Blanc sur Blanc (avec Damien Blanc & Alberto Blanc), 1993 – photographie noir et blanc / black and white photograph – 120 x 120 cm.

Blanc sur Blanc (avec Damien Blanc & Alberto Blanc), 1993 – photographie noir et blanc / black and white photograph – 120 x 120 cm.

Hervé LAURENT

Staircase 2, Galerie für Zeitgenössische Kunst,
Leipzig (8.sept.- 29 oct. 1994)

Sur: préposition. En français, “Blanc sur Blanc”, en anglais “Hard on soft”. La préposition est à prendre dans son sens littéral: Damien Blanc est photographié alors qu’il est assis sur les épaules de Alberto Blanc, une imprimante à aiguilles est posée sur un bloc de mousse.

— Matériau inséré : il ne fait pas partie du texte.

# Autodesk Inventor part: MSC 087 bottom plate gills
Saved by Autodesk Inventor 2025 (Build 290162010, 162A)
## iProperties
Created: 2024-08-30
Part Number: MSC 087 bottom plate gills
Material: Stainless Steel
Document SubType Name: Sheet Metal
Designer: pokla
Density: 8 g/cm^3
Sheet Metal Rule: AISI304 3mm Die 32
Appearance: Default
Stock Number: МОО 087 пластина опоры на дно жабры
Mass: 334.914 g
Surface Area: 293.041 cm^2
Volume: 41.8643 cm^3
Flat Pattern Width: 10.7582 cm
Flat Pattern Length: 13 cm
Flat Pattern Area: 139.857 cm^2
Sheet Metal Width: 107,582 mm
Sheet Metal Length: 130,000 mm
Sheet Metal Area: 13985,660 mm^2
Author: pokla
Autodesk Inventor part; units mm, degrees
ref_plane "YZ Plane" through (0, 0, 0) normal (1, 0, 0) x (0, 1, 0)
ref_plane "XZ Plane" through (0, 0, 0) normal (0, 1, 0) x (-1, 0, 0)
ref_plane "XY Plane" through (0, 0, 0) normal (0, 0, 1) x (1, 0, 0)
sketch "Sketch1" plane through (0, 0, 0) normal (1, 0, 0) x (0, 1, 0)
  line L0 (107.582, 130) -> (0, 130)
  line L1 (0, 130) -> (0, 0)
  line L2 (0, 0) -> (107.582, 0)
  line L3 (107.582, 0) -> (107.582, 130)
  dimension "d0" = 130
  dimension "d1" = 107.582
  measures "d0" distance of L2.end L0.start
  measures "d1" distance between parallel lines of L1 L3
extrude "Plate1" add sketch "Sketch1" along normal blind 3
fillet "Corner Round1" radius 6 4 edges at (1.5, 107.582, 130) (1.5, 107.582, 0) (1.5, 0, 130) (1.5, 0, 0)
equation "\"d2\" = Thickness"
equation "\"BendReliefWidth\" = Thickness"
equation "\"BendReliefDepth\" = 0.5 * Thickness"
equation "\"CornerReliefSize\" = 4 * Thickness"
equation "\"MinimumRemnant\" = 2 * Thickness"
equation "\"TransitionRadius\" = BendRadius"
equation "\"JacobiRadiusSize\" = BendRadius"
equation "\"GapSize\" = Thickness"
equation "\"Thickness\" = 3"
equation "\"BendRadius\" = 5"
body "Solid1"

“Blanc sur Blanc” renvoie à la série de toiles regroupées sous ce même titre que Malévitch réalise en 1918. Chacune de ces oeuvres touche aux limites de la perception puisque toutes se composent d’une forme géométrique blanche venant s’inscrire sur un “fond” de couleur identique. La tentative suprématiste de Malévitch peut être interprétée comme témoignant d’une volonté de sortir la peinture du champ de la pure visualité, à tout le moins de mettre en évidence le réductionnisme rétinien dans lequel s’était enfermée la pratique académique de cet art. De la même façon, intituler “Blanc sur Blanc” la photographie, en noir et blanc, de deux homonymes, l’un sur les épaules de l’autre monté, c’est poser la question du rapport de l’art à sa visibilité, non plus à partir d’une abstraction géométrique épurée, mais au cœur même d’une pratique réputée pour sa capacité à témoigner de la réalité des apparences. Graumann, après Malévitch, ne prétend pas qu’il n’y a plus rien à voir, il interroge le ce-qui-est-à-voir de l’image et il le fait là précisément où l’effet de réel engendré par la technique masque d’ordinaire la question.

Hard on soft, 1993 – ordinateur, imprimante à aiguilles, socle en mousse computer, dot matrix printer, foam base – 145 x 50 x 40 cm.

Hard on soft, 1993 – ordinateur, imprimante à aiguilles, socle en mousse
computer, dot matrix printer, foam base – 145 x 50 x 40 cm.

“Hard on soft” reprend le dispositif figuratif photographié avec “Blanc sur Blanc” puisqu’un objet dur, ici une imprimante à aiguilles, est posé sur un objet “mou”, en l’occurrence un bloc de mousse que les mouvements d’aller et de retour de la tête d’impression de la machine en action va mettre en branle, le hard entraînant ainsi le soft, lui imprimant son propre mouvement. Si l’on s’en tenait à cette description, l’oeuvre pourrait paraître un hommage à Jean Tinguely, la technologie informatique remplaçant, pour le bruit et pour le mouvement, les agencements de pièces industrielles actionnées par des moteurs.

En rester là, ce serait oublier la signification inédite qu’a prise le couple hard/soft dans le langage de l’utilisateur d’ordinateur. Nul n’ignore plus que hard et soft sont les abréviations de hardware et software, termes qui désignent respectivement l’appareillage informatique (ordinateur et ses périphériques) et l’ensemble des logiciels qui permettent d’exploiter les capacités de l’outil informatique. Par extension tous les objets que contient la réalité phénoménale, la chaise, la vague, l’arbre et peut-être même le petit oiseau qui s’est perché sur une de ses branches, sont hard. A ce titre, le bloc de mousse couronnée d’imprimante pourrait aussi bien être décrit comme “hard on hard” ou pour être plus juste “soft in hard-hard on soft-hard” puisqu’il y a du soft (logiciel) dans l’imprimante et que la mousse du bloc est souple, and so on… Ainsi, le titre de l’œuvre est au mieux interminable au pire in(dé)terminable. Les catégories qu’il met en jeu loin de se différencier clairement ne peuvent faire autrement que se contaminer l’une l’autre. L’ensemble de la démarche poursuivie sur divers supports par Hervé Graumann obéit à cette même logique épidémique. “Hard on soft” est en vérité un mixte de hard et de soft indémêlables. Tout comme le sont, aujourd’hui, la chaise, la vague, l’arbre et, selon toute vraisemblance, le petit oiseau posé sur l’une de ses branches. En d’autres termes, s’il ne sort rien de l’imprimante c’est que la prose du monde, l’espace de son énonciation, pour ne pas reparler de sa figuration, n’est plus un plan stable mais un rythme oscillatoire qui ne produit plus, comme métaphore du sens, qu’un tremblement indéfini entre hard et soft.